It's strange that fzn2smt was much slower, and I don't understand why.
For fzn2smt I also tested different things, e.g. to removed the
:: domain
annotation on
alldifferent
but it made no difference.
Testing indomain_random
I was also curious how some solvers would do with the heuristic
indomain_random
, so I ran each solver three times and
took the best result. Some solvers was "stable" and
got exactly the same statistics (Gecode, G12/fd, SICStus, ECLiPSe/ic), but some of them
got quite varying result and all three results are shown (JaCoP and ECLiPSe/fd).
* Gecode/fz: 1.7, 27422 failures (stable)
* G12/fd: 19.0s, 1401656 choice points (stable)
* JaCoP/fz: 2.3s, 22178 wrong decisions
8.5s 164599 wrong decisions
4.1s 50575 wrong decisions
2.3s 22178 wrong decisions
* SICStus/fz: 3.3s, 116386 backtracks (stable)
* ECLiPSe/ic: 34.5s (stable)
* ECLiPSe/fd: 5.6s
7.41s
5.6s
26.7s
Almost all of the solver got at least one result better than before, except G12/fd which
is surprising.
End of Update 2011-03-08
2011-03-12 Yet another update
After some interesting discussions with Sebastian Brand (thank you, Sebastian!) I have included some improvements.
1) Since the calculation of the leftout don't contribute much to the constraint store, it has been removed as a decision variable and just calculated in the output section:
output [
let {
int: leftout = max(0..n diff { fix(x[j,k]) | j in 1..m, k in 1..2 })
}
in
% ...
2) The symmetry breaking constraint to sort the matchings in score order
decreasing(s)
has been replaced with another symmetry breaking constraint which seems to be faster.
Unfortunately, there is no sorting anymore but since it is faster for all solvers I prefer it.
forall(i in 2..m)( x[i-1,1] < x[i,1] )
3) The branching has been changed to
first_fail/indomain_split
With these three changes there are now improvements of most solvers; for ECLiPSe's solvers a radical improvement (compare with the listing above):
-
G12/lazy: 0.89s
-
Gecode: 0.10s and 649 failures
Note: without the
::domain annotation on alldifferent it's slighly worse: 0.16s and 1898
That difference has been much larger in earlier versions.
-
JaCoP: 1.4s: 3253 wrong search decisions
-
SICStus: 0.29s 3291 backtracks
-
Choco: 1.8s 5928 backtracks
-
ECLiPSe/ic: 1.6s
-
ECLiPSe/fd: 0.94s
-
smt2fzn is still very slow (I contacted the fzn2smt developers about this)
-
tini: 4:44min (slightly better, but still very slow)

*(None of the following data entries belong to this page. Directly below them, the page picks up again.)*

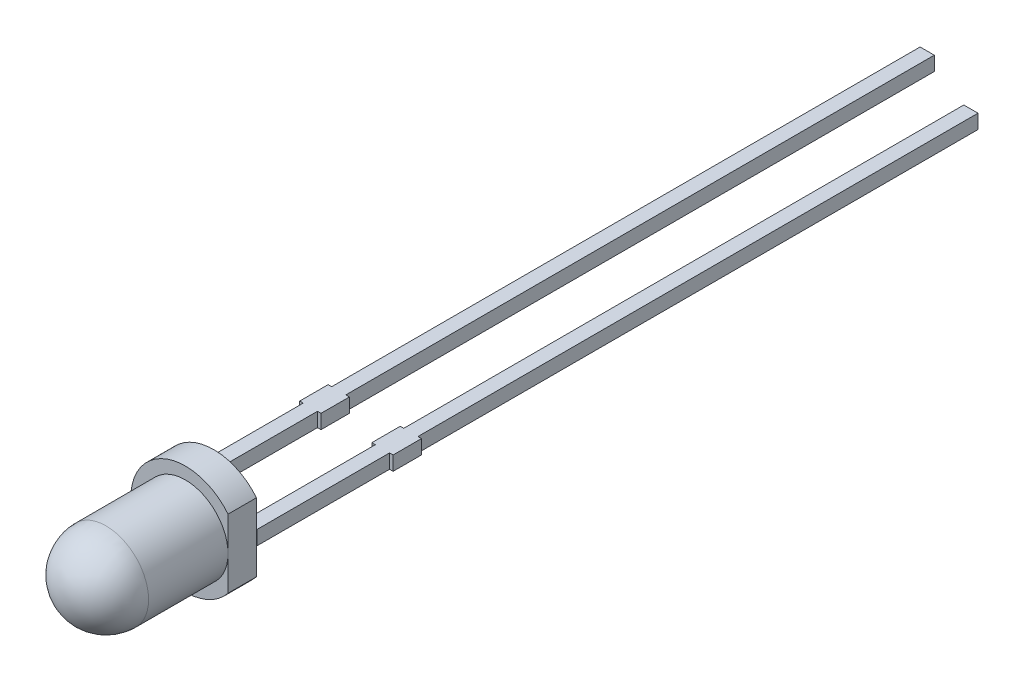
ISO-10303-21;
HEADER;
FILE_DESCRIPTION(('STEP AP214'),'2;1');
FILE_NAME('part.step','',(''),(''),'','','');
FILE_SCHEMA(('AUTOMOTIVE_DESIGN { 1 0 10303 214 1 1 1 1 }'));
ENDSEC;
DATA;
#1=APPLICATION_CONTEXT('core data for automotive mechanical design processes');
#2=APPLICATION_PROTOCOL_DEFINITION('international standard','automotive_design',2000,#1);
#3=PRODUCT_CONTEXT('',#1,'mechanical');
#4=PRODUCT('Part','Part','',(#3));
#5=PRODUCT_RELATED_PRODUCT_CATEGORY('part','',(#4));
#6=PRODUCT_DEFINITION_FORMATION('','',#4);
#7=PRODUCT_DEFINITION_CONTEXT('part definition',#1,'design');
#8=PRODUCT_DEFINITION('design','',#6,#7);
#9=PRODUCT_DEFINITION_SHAPE('','',#8);
#10=(LENGTH_UNIT() NAMED_UNIT(*) SI_UNIT(.MILLI.,.METRE.));
#11=(NAMED_UNIT(*) PLANE_ANGLE_UNIT() SI_UNIT($,.RADIAN.));
#12=(NAMED_UNIT(*) SI_UNIT($,.STERADIAN.) SOLID_ANGLE_UNIT());
#13=UNCERTAINTY_MEASURE_WITH_UNIT(LENGTH_MEASURE(1.E-05),#10,'distance_accuracy_value','');
#14=(GEOMETRIC_REPRESENTATION_CONTEXT(3) GLOBAL_UNCERTAINTY_ASSIGNED_CONTEXT((#13)) GLOBAL_UNIT_ASSIGNED_CONTEXT((#10,
#11,#12)) REPRESENTATION_CONTEXT('',''));
#15=CARTESIAN_POINT('',(0.,0.,0.));
#16=DIRECTION('',(0.,0.,1.));
#17=DIRECTION('',(1.,0.,0.));
#18=AXIS2_PLACEMENT_3D('',#15,#16,#17);
#19=CARTESIAN_POINT('',(-1.52,-0.25,-26.4));
#20=DIRECTION('',(0.,-1.,0.));
#21=DIRECTION('',(0.,0.,-1.));
#22=AXIS2_PLACEMENT_3D('',#19,#20,#21);
#23=PLANE('',#22);
#24=DIRECTION('',(0.,0.,-1.));
#25=VECTOR('',#24,1.);
#26=CARTESIAN_POINT('',(-1.02,-0.25,-26.4));
#27=LINE('',#26,#25);
#28=CARTESIAN_POINT('',(-1.02,-0.25,0.));
#29=VERTEX_POINT('',#28);
#30=CARTESIAN_POINT('',(-1.02,-0.25,-4.67));
#31=VERTEX_POINT('',#30);
#32=EDGE_CURVE('E238',#29,#31,#27,.T.);
#33=ORIENTED_EDGE('',*,*,#32,.F.);
#34=DIRECTION('',(1.,0.,0.));
#35=VECTOR('',#34,1.);
#36=CARTESIAN_POINT('',(-1.52,-0.25,0.));
#37=LINE('',#36,#35);
#38=CARTESIAN_POINT('',(-1.52,-0.25,0.));
#39=VERTEX_POINT('',#38);
#40=EDGE_CURVE('E220',#29,#39,#37,.F.);
#41=ORIENTED_EDGE('',*,*,#40,.T.);
#42=DIRECTION('',(0.,0.,1.));
#43=VECTOR('',#42,1.);
#44=CARTESIAN_POINT('',(-1.52,-0.25,-26.4));
#45=LINE('',#44,#43);
#46=CARTESIAN_POINT('',(-1.52,-0.25,-4.67));
#47=VERTEX_POINT('',#46);
#48=EDGE_CURVE('E404',#47,#39,#45,.T.);
#49=ORIENTED_EDGE('',*,*,#48,.F.);
#50=DIRECTION('',(-1.,0.,0.));
#51=VECTOR('',#50,1.);
#52=CARTESIAN_POINT('',(-0.895,-0.25,-4.67));
#53=LINE('',#52,#51);
#54=CARTESIAN_POINT('',(-1.645,-0.25,-4.67));
#55=VERTEX_POINT('',#54);
#56=EDGE_CURVE('E412',#47,#55,#53,.T.);
#57=ORIENTED_EDGE('',*,*,#56,.T.);
#58=DIRECTION('',(0.,0.,-1.));
#59=VECTOR('',#58,1.);
#60=CARTESIAN_POINT('',(-1.645,-0.25,-4.67));
#61=LINE('',#60,#59);
#62=CARTESIAN_POINT('',(-1.645,-0.25,-5.67));
#63=VERTEX_POINT('',#62);
#64=EDGE_CURVE('E416',#55,#63,#61,.T.);
#65=ORIENTED_EDGE('',*,*,#64,.T.);
#66=DIRECTION('',(1.,0.,0.));
#67=VECTOR('',#66,1.);
#68=CARTESIAN_POINT('',(-1.645,-0.25,-5.67));
#69=LINE('',#68,#67);
#70=CARTESIAN_POINT('',(-1.52,-0.25,-5.67));
#71=VERTEX_POINT('',#70);
#72=EDGE_CURVE('E420',#63,#71,#69,.T.);
#73=ORIENTED_EDGE('',*,*,#72,.T.);
#74=DIRECTION('',(0.,0.,1.));
#75=VECTOR('',#74,1.);
#76=CARTESIAN_POINT('',(-1.52,-0.25,-26.4));
#77=LINE('',#76,#75);
#78=CARTESIAN_POINT('',(-1.52,-0.25,-26.4));
#79=VERTEX_POINT('',#78);
#80=EDGE_CURVE('E425',#79,#71,#77,.T.);
#81=ORIENTED_EDGE('',*,*,#80,.F.);
#82=DIRECTION('',(1.,0.,0.));
#83=VECTOR('',#82,1.);
#84=CARTESIAN_POINT('',(-1.52,-0.25,-26.4));
#85=LINE('',#84,#83);
#86=CARTESIAN_POINT('',(-1.02,-0.25,-26.4));
#87=VERTEX_POINT('',#86);
#88=EDGE_CURVE('E430',#79,#87,#85,.T.);
#89=ORIENTED_EDGE('',*,*,#88,.T.);
#90=DIRECTION('',(0.,0.,-1.));
#91=VECTOR('',#90,1.);
#92=CARTESIAN_POINT('',(-1.02,-0.25,-26.4));
#93=LINE('',#92,#91);
#94=CARTESIAN_POINT('',(-1.02,-0.25,-5.67));
#95=VERTEX_POINT('',#94);
#96=EDGE_CURVE('E432',#95,#87,#93,.T.);
#97=ORIENTED_EDGE('',*,*,#96,.F.);
#98=DIRECTION('',(1.,0.,0.));
#99=VECTOR('',#98,1.);
#100=CARTESIAN_POINT('',(-1.645,-0.25,-5.67));
#101=LINE('',#100,#99);
#102=CARTESIAN_POINT('',(-0.895,-0.25,-5.67));
#103=VERTEX_POINT('',#102);
#104=EDGE_CURVE('E440',#95,#103,#101,.T.);
#105=ORIENTED_EDGE('',*,*,#104,.T.);
#106=DIRECTION('',(0.,0.,1.));
#107=VECTOR('',#106,1.);
#108=CARTESIAN_POINT('',(-0.895,-0.25,-5.67));
#109=LINE('',#108,#107);
#110=CARTESIAN_POINT('',(-0.895,-0.25,-4.67));
#111=VERTEX_POINT('',#110);
#112=EDGE_CURVE('E444',#103,#111,#109,.T.);
#113=ORIENTED_EDGE('',*,*,#112,.T.);
#114=DIRECTION('',(-1.,0.,0.));
#115=VECTOR('',#114,1.);
#116=CARTESIAN_POINT('',(-0.895,-0.25,-4.67));
#117=LINE('',#116,#115);
#118=EDGE_CURVE('E448',#111,#31,#117,.T.);
#119=ORIENTED_EDGE('',*,*,#118,.T.);
#120=EDGE_LOOP('',(#33,#41,#49,#57,#65,#73,#81,#89,#97,#105,#113,#119));
#121=FACE_BOUND('',#120,.T.);
#122=ADVANCED_FACE('F16',(#121),#23,.T.);
#123=CARTESIAN_POINT('',(1.52,-0.25,-26.4));
#124=DIRECTION('',(0.,1.,0.));
#125=DIRECTION('',(0.,0.,1.));
#126=AXIS2_PLACEMENT_3D('',#123,#124,#125);
#127=PLANE('',#126);
#128=DIRECTION('',(1.,0.,0.));
#129=VECTOR('',#128,1.);
#130=CARTESIAN_POINT('',(0.895,-0.25,-4.67));
#131=LINE('',#130,#129);
#132=CARTESIAN_POINT('',(0.895,-0.25,-4.67));
#133=VERTEX_POINT('',#132);
#134=CARTESIAN_POINT('',(1.02,-0.25,-4.67));
#135=VERTEX_POINT('',#134);
#136=EDGE_CURVE('E389',#133,#135,#131,.T.);
#137=ORIENTED_EDGE('',*,*,#136,.F.);
#138=DIRECTION('',(0.,0.,1.));
#139=VECTOR('',#138,1.);
#140=CARTESIAN_POINT('',(0.895,-0.25,-5.67));
#141=LINE('',#140,#139);
#142=CARTESIAN_POINT('',(0.895,-0.25,-5.67));
#143=VERTEX_POINT('',#142);
#144=EDGE_CURVE('E386',#143,#133,#141,.T.);
#145=ORIENTED_EDGE('',*,*,#144,.F.);
#146=DIRECTION('',(-1.,0.,0.));
#147=VECTOR('',#146,1.);
#148=CARTESIAN_POINT('',(1.645,-0.25,-5.67));
#149=LINE('',#148,#147);
#150=CARTESIAN_POINT('',(1.02,-0.25,-5.67));
#151=VERTEX_POINT('',#150);
#152=EDGE_CURVE('E380',#151,#143,#149,.T.);
#153=ORIENTED_EDGE('',*,*,#152,.F.);
#154=DIRECTION('',(0.,0.,-1.));
#155=VECTOR('',#154,1.);
#156=CARTESIAN_POINT('',(1.02,-0.25,-26.4));
#157=LINE('',#156,#155);
#158=CARTESIAN_POINT('',(1.02,-0.25,-25.4));
#159=VERTEX_POINT('',#158);
#160=EDGE_CURVE('E372',#151,#159,#157,.T.);
#161=ORIENTED_EDGE('',*,*,#160,.T.);
#162=DIRECTION('',(-1.,0.,0.));
#163=VECTOR('',#162,1.);
#164=CARTESIAN_POINT('',(1.52,-0.25,-25.4));
#165=LINE('',#164,#163);
#166=CARTESIAN_POINT('',(1.52,-0.25,-25.4));
#167=VERTEX_POINT('',#166);
#168=EDGE_CURVE('E369',#167,#159,#165,.T.);
#169=ORIENTED_EDGE('',*,*,#168,.F.);
#170=DIRECTION('',(0.,0.,1.));
#171=VECTOR('',#170,1.);
#172=CARTESIAN_POINT('',(1.52,-0.25,-26.4));
#173=LINE('',#172,#171);
#174=CARTESIAN_POINT('',(1.52,-0.25,-5.67));
#175=VERTEX_POINT('',#174);
#176=EDGE_CURVE('E361',#167,#175,#173,.T.);
#177=ORIENTED_EDGE('',*,*,#176,.T.);
#178=DIRECTION('',(-1.,0.,0.));
#179=VECTOR('',#178,1.);
#180=CARTESIAN_POINT('',(1.645,-0.25,-5.67));
#181=LINE('',#180,#179);
#182=CARTESIAN_POINT('',(1.645,-0.25,-5.67));
#183=VERTEX_POINT('',#182);
#184=EDGE_CURVE('E355',#183,#175,#181,.T.);
#185=ORIENTED_EDGE('',*,*,#184,.F.);
#186=DIRECTION('',(0.,0.,-1.));
#187=VECTOR('',#186,1.);
#188=CARTESIAN_POINT('',(1.645,-0.25,-4.67));
#189=LINE('',#188,#187);
#190=CARTESIAN_POINT('',(1.645,-0.25,-4.67));
#191=VERTEX_POINT('',#190);
#192=EDGE_CURVE('E352',#191,#183,#189,.T.);
#193=ORIENTED_EDGE('',*,*,#192,.F.);
#194=DIRECTION('',(1.,0.,0.));
#195=VECTOR('',#194,1.);
#196=CARTESIAN_POINT('',(0.895,-0.25,-4.67));
#197=LINE('',#196,#195);
#198=CARTESIAN_POINT('',(1.52,-0.25,-4.67));
#199=VERTEX_POINT('',#198);
#200=EDGE_CURVE('E346',#199,#191,#197,.T.);
#201=ORIENTED_EDGE('',*,*,#200,.F.);
#202=DIRECTION('',(0.,0.,1.));
#203=VECTOR('',#202,1.);
#204=CARTESIAN_POINT('',(1.52,-0.25,-26.4));
#205=LINE('',#204,#203);
#206=CARTESIAN_POINT('',(1.52,-0.25,0.));
#207=VERTEX_POINT('',#206);
#208=EDGE_CURVE('E237',#199,#207,#205,.T.);
#209=ORIENTED_EDGE('',*,*,#208,.T.);
#210=DIRECTION('',(1.,0.,0.));
#211=VECTOR('',#210,1.);
#212=CARTESIAN_POINT('',(1.52,-0.25,0.));
#213=LINE('',#212,#211);
#214=CARTESIAN_POINT('',(1.5,-0.25,0.));
#215=VERTEX_POINT('',#214);
#216=EDGE_CURVE('E219',#215,#207,#213,.T.);
#217=ORIENTED_EDGE('',*,*,#216,.F.);
#218=DIRECTION('',(1.,0.,0.));
#219=VECTOR('',#218,1.);
#220=CARTESIAN_POINT('',(1.52,-0.25,0.));
#221=LINE('',#220,#219);
#222=CARTESIAN_POINT('',(1.02,-0.25,0.));
#223=VERTEX_POINT('',#222);
#224=EDGE_CURVE('E207',#223,#215,#221,.T.);
#225=ORIENTED_EDGE('',*,*,#224,.F.);
#226=DIRECTION('',(0.,0.,-1.));
#227=VECTOR('',#226,1.);
#228=CARTESIAN_POINT('',(1.02,-0.25,-26.4));
#229=LINE('',#228,#227);
#230=EDGE_CURVE('E391',#223,#135,#229,.T.);
#231=ORIENTED_EDGE('',*,*,#230,.T.);
#232=EDGE_LOOP('',(#137,#145,#153,#161,#169,#177,#185,#193,#201,#209,#217,#225,#231));
#233=FACE_BOUND('',#232,.T.);
#234=ADVANCED_FACE('F235',(#233),#127,.F.);
#235=CARTESIAN_POINT('',(-1.02,-0.25,-26.4));
#236=DIRECTION('',(1.,0.,0.));
#237=DIRECTION('',(0.,0.,-1.));
#238=AXIS2_PLACEMENT_3D('',#235,#236,#237);
#239=PLANE('',#238);
#240=DIRECTION('',(0.,0.,1.));
#241=VECTOR('',#240,1.);
#242=CARTESIAN_POINT('',(-1.02,0.25,-26.4));
#243=LINE('',#242,#241);
#244=CARTESIAN_POINT('',(-1.02,0.25,0.));
#245=VERTEX_POINT('',#244);
#246=CARTESIAN_POINT('',(-1.02,0.25,-4.67));
#247=VERTEX_POINT('',#246);
#248=EDGE_CURVE('E249',#245,#247,#243,.F.);
#249=ORIENTED_EDGE('',*,*,#248,.F.);
#250=DIRECTION('',(0.,1.,0.));
#251=VECTOR('',#250,1.);
#252=CARTESIAN_POINT('',(-1.02,-0.25,0.));
#253=LINE('',#252,#251);
#254=EDGE_CURVE('E241',#245,#29,#253,.F.);
#255=ORIENTED_EDGE('',*,*,#254,.T.);
#256=ORIENTED_EDGE('',*,*,#32,.T.);
#257=DIRECTION('',(0.,1.,0.));
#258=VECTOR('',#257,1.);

4) Sebastian also suggested that I should test a
table
constraint. That is,
instead of
s[i] = scores[x[i,1], x[i,2]]
we use this:
table([x[i,1], x[i,2], s[i]], scores_table)
This also requires another representation of the score matrix:
scores_table = array2d(1..n*n, 1..3,
[
1, 1, 00,
1, 2, 30,
1, 3, 10,
1, 4, 33,
1, 5, 49,
% ....
Here is the result of using this table approach (together with the previous changes):
-
G12/fd: 2.0s, 708 choice points (slower)
-
G12/lazy: 2.442s (slower)
-
Gecode: 0.11s 686 failures (about the same)
-
JaCoP: 1.2s 785 wrong search decisions (slightly better)
-
SICStus: 0.43 746 backtracks (better in backtracks, but slightly slower)
-
Choco: 1.9s: 2299 backtracks (better in backtracks, but slightly slower)
-
ECLiPSe/ic: 2.8s (slower)
-
ECLiPSe/fd: 1.4s (slower)
-
fzn2smt: 11.1s (and SMT is back in the game again!)
Note: Using the
decreasing/1
constraint instead, it takes 7.0s.
-
tini: stopped after 10 minutes, so it's slower than the previous version.
To sum: Most solvers where a tiny bit slower with this table approach, and some have slightly less choice points/failures/etc. Hmmm, maybe this (slight) increment of time for some solvers is caused by the slightly larger file to process by mzn2fzn?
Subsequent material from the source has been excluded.